───── Records supplied

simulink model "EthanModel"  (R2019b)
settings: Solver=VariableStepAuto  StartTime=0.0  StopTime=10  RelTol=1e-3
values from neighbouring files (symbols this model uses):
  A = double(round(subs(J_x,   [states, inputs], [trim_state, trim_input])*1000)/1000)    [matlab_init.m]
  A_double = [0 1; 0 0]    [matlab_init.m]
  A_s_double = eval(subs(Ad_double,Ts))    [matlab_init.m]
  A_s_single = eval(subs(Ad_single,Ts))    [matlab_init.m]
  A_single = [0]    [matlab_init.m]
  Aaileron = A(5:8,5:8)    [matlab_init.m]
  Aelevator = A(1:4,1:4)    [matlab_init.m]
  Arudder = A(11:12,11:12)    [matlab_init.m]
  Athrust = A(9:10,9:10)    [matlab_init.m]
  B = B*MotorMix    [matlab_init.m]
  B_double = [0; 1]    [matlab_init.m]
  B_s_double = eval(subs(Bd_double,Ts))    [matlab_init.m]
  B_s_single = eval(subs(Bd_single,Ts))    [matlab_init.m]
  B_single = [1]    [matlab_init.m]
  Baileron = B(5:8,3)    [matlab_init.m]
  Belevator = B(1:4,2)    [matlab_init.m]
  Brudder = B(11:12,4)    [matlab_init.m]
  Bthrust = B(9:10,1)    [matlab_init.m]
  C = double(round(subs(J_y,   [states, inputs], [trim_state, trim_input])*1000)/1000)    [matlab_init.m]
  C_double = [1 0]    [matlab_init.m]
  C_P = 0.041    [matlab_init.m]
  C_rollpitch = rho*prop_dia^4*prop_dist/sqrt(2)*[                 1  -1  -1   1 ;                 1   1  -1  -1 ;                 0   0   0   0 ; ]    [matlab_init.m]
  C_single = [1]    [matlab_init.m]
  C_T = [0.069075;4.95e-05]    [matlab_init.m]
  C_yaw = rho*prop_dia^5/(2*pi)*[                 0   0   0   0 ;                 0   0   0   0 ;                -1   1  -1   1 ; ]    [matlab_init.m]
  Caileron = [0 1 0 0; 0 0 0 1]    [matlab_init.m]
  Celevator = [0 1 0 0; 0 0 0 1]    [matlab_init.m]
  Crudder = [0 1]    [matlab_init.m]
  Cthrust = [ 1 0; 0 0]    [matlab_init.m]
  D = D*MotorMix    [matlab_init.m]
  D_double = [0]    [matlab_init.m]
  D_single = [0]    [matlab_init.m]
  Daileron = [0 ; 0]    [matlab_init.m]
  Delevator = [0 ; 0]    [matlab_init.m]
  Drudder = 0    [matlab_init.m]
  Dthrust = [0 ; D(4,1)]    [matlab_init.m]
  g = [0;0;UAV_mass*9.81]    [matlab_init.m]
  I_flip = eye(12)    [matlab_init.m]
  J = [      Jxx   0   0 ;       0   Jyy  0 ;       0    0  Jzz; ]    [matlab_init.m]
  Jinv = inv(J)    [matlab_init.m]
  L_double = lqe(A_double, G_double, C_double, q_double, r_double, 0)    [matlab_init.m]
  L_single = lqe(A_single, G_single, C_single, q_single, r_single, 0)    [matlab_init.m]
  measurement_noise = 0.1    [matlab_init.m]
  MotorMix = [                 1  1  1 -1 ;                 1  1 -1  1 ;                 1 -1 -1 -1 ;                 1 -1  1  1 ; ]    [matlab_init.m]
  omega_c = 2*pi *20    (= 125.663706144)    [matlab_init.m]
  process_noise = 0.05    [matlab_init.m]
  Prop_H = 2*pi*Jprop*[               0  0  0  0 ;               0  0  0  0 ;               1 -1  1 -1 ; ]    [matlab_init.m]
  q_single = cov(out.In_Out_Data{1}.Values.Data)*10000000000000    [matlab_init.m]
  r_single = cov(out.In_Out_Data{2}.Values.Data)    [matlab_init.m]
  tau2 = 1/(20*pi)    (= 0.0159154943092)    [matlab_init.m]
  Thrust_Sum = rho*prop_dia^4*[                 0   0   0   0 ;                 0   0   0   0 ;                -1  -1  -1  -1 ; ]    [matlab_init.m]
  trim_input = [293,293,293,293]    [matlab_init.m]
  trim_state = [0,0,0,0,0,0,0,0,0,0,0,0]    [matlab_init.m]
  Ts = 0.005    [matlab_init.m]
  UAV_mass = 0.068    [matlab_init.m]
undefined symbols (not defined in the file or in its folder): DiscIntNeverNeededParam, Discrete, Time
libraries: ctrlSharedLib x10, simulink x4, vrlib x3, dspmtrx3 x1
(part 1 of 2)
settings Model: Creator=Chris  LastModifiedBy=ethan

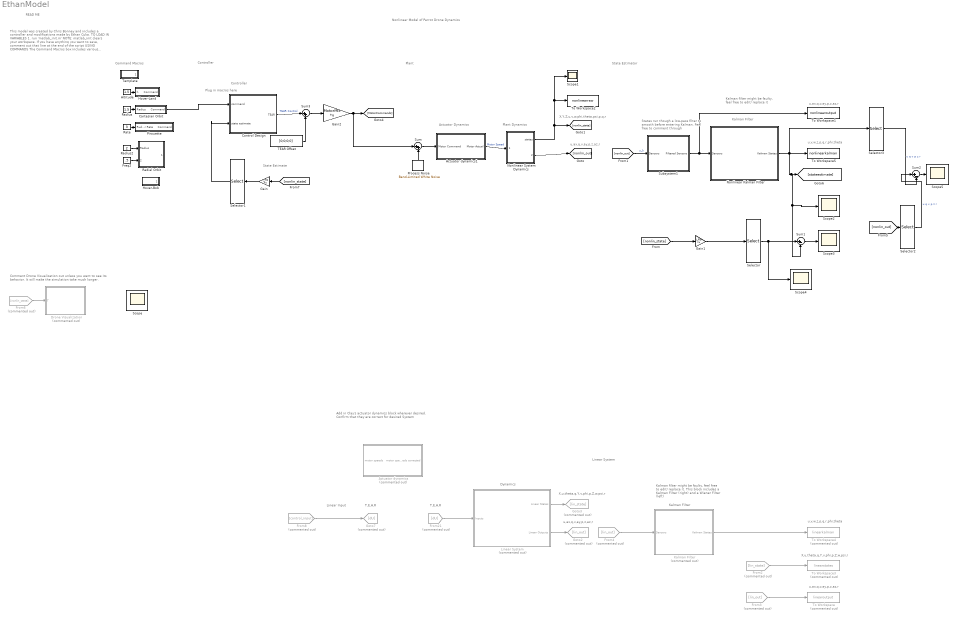
== system EthanModel ==
  note: Plug in macros here
  note: State Estimator
  note: Controller
  note: Command Macros
  note: Add in Clay's actuator dynamics block wherever desired.
      | Confirm that they are correct for desired System
  note: States run though a low-pass filter
      | to smooth before entering Kalman.
      | Feel free to comment through
  note: Kalman filter might be faulty,
      | feel free to edit/ replace it
  note: Comment Drone Visualization out unless you want to see
      | its behavior. It will make the simulation take much longer.
  note: Linear Input
  note: This model was created by Chris Bonney and
      | includes a controller and modifications made
      | by Ethan Cuka.
      |
      |
      | TO LOAD IN VARIABLES
      | 1. run 'matlab_init.m'
      |
      |
      | NOTE: matlab_init clears your workspace.
      | If you have anything you want to save,
      | comment out that line at the end of the script
      |
      |
      | USING COMMANDS
      | The Command Macros box includes various
      | commands to issue to the UAV. To use them,
      | attach their output to the "command" input of
      | the Controller subsystem.
      |
      |
      | READING OUTPUTS
      | most outputs should have a list of variables
      | above them, which are the order they are in
      | for the vector
      |
      |
      | NOISE
      | process and measurement noise blocks are all
      | included in the design, but set to zero power
      | (off); to turn them on go in and adjust their
      | power, there are preset values for noises in
      | kalman_matrices_calculator.m
      |
      |
      | VISUALIZATION
      | 1. the drone visualization block (below) can be
      | uncommented to see the drone fly while
      | running the simulation.
      | 2. I created a scope block (right) that can be
      | copied with preset settings to make viewing
      | data easier
  note: Plant
  note: Kalman Filter
  note: Plant Dynamics
  note: Nonlinear Model of Parrot Drone Dynamics
  note: u,ax,q,v,ay,p,z,az,r
  note: u,v,w,z,p,q,r,phi,theta
  note: Linear System
  note: u,ax,q,v,ay,p,z,az,r
  note: X,u,theta,q,Y,v,phi,p,Z,w,psi,r
  note: u,ax,q,v,ay,p,z,az,r
  note: u,v,w,z,p,q,r,phi,theta
  note: Dynamics
  note: Kalman Filter
  note: Kalman filter might be faulty,
      | feel free to edit/ replace it. This
      | block includes a Kalman Filter (right)
      | and a Wiener Filter (left)
  note: X,Y,Z,u,v,w,phi,theta,psi,p,q,r
  note: u,ax,q,v,ay,p,z,az,r
  note: X,u,theta,q,Y,v,phi,p,Z,w,psi,r
  note: READ ME
  note: T,E,A,R
  note: T,E,A,R
  note: Actuator Dynamics
  note: Controller
  note: State Estimate
  Actuator dynamics : Subsystem  Commented=on
  Actuator dynamics1 : Subsystem
  Altitude : Constant  Value=1.5
  Cartesian Orbit : Subsystem
  Control Design : Subsystem
  Drone Visualization : MATLAB Function  Commented=on  TreatAsAtomicUnit=on
  Freq2 : Constant  Value=.5
  From2 : From  Commented=on  GotoTag=lin_state
  From21 : From  Commented=on  GotoTag=dU
  From3 : From  Commented=on  GotoTag=lin_out
  From4 : From  Commented=on  GotoTag=lin_out
  From6 : From  Commented=on  GotoTag=nonlin_state
  From8 : From  Commented=on  GotoTag=control_input
  Gain : Gain  Gain=I_flip  Multiplication=Matrix(K*u)
  Gain1 : Gain  Gain=I_flip  Multiplication=Matrix(K*u)
  Gain2 : Gain  Gain=MotorMix  Multiplication=Matrix(K*u)
      settings: AttributesFormatString=%<Gain>
  Goto2 : Goto  Commented=on  GotoTag=lin_out
  Goto3 : Goto  Commented=on  GotoTag=lin_state
  Goto7 : Goto  Commented=on  GotoTag=dU
  Hover-Bob : Subsystem
  Hover-Land : Subsystem
  Kalman Filter : Subsystem  Commented=on
  Linear System : Subsystem  Commented=on
  Nonlinear Kalman Filter : Subsystem
  Nonlinear System Dynamics : Subsystem
  Pirouette : Subsystem
  Process Noise : simulink/Sources/Band-Limited White Noise  Cov=process_noise*ones(4,1)*0  Ts=0.05  seed=[1;2;3;4]
  Radial Orbit : Subsystem
  Radius : Constant  Value=1.5
  Radius2 : Constant  Value=2
  Rate : Constant  Value=3
  Scope{,1..5} (6 alike) : Scope
  Selector : Selector  InputPortWidth=12  IndexOptions=Index vector (dialog)  Indices=[4 5 6 3 10 11 12 7 8]  OutputSizes=1
  Selector1 : Selector  InputPortWidth=12  IndexOptions=Index vector (dialog)  Indices=[4 5 6 3 10 11 12 7 8]  OutputSizes=1
  Selector2 : Selector  InputPortWidth=9  IndexOptions=Index vector (dialog)  Indices=[1 3 4 6 7 9]  OutputSizes=1
  Selector3 : Selector  InputPortWidth=9  IndexOptions=Index vector (dialog)  Indices=[1 6 2 5 4 7]  OutputSizes=1
  Subsystem1 : Subsystem
  Sum : Sum  Inputs=|++
  Sum1 : Sum  Inputs=|+-
  Sum2 : Sum  Inputs=|+-
  Sum3 : Sum  Inputs=|++
  TEAR Offset : Constant  Value=[0;0;0;0]
  Template : Subsystem
  To Workspace : ToWorkspace  Commented=on  VariableName=linearoutput  SaveFormat=Timeseries  SampleTime=-1
  To Workspace1 : ToWorkspace  VariableName=nonlinearoutput  SaveFormat=Timeseries  SampleTime=-1
  To Workspace2 : ToWorkspace  VariableName=nonlinearraw  SampleTime=-1
  To Workspace3 : ToWorkspace  Commented=on  VariableName=linearstates  SaveFormat=Timeseries  SampleTime=-1
  To Workspace4 : ToWorkspace  Commented=on  VariableName=linearkalman  SaveFormat=Timeseries  SampleTime=-1
  To Workspace5 : ToWorkspace  VariableName=nonlinearkalman  SaveFormat=Timeseries  SampleTime=-1
  wires:
  From4/1 -> Kalman Filter/1(Sensors)
  From8/1 -> Goto7/1
  From3/1 -> To Workspace/1
  From2/1 -> To Workspace3/1
  Subsystem1/1(Filtered Sensors) -> Nonlinear Kalman Filter/1(Sensors), To Workspace1/1
  Linear System/1(Linear States) -> Goto3/1
  Nonlinear Kalman Filter/1(Kalman States) -> Selector3/1, Scope2/1, Sum1/2, [stateestimate], To Workspace5/1
  From21/1 -> Linear System/1("Inputs ")
  Actuator dynamics1/1(Motor Actual) -> Nonlinear System Dynamics/1(inputs n)  "Motor Speed"
  Nonlinear System Dynamics/1(states) -> Scope1/1, To Workspace2/1, [nonlin_state]
  Linear System/2(Linear Outputs) -> Goto2/1
  [nonlin_out] -> Subsystem1/1(Sensors)  "y_k"
  Nonlinear System Dynamics/2(outputs) -> [nonlin_out]
  Kalman Filter/1(Kalman States) -> To Workspace4/1
  From6/1 -> Drone Visualization/1(T)
  Gain2/1 -> Sum/1, [MotorCommands]
  Sum/1 -> Actuator dynamics1/1(Motor Command)
  Process Noise/1 -> Sum/2
  [nonlin_state] -> Gain1/1
  Sum1/1 -> Scope3/1
  [nonlin_state] -> Gain/1
  Gain/1 -> Selector1/1
  Selector/1 -> Scope4/1, Sum1/1
  Radius/1 -> Cartesian Orbit/1(Radius)
  Altitude/1 -> Hover-Land/1(h)
  Gain1/1 -> Selector/1
  Sum2/1 -> Scope5/1
  Selector2/1 -> Sum2/1  "u q v p z r"
  Selector3/1 -> Sum2/2  "u q v p z r"
  [nonlin_out] -> Selector2/1
  Control Design/1(TEAR) -> Sum3/1  "TEAR Control"
  Sum3/1 -> Gain2/1
  TEAR Offset/1 -> Sum3/2
  Selector1/1 -> Control Design/2(state estimate)
  Rate/1 -> Pirouette/1(Rudder Rate)
  Freq2/1 -> Radial Orbit/2(Frequency)
  Radius2/1 -> Radial Orbit/1("Radius ")
  Cartesian Orbit/1(Command) -> Control Design/1(command)

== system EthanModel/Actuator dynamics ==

──────────

- [Aim of the task] In the records above, locate every line with the string "that" and copy it.

- [Response box]
      | Confirm that they are correct for desired System
      | comment out that line at the end of the script
      | 2. I created a scope block (right) that can be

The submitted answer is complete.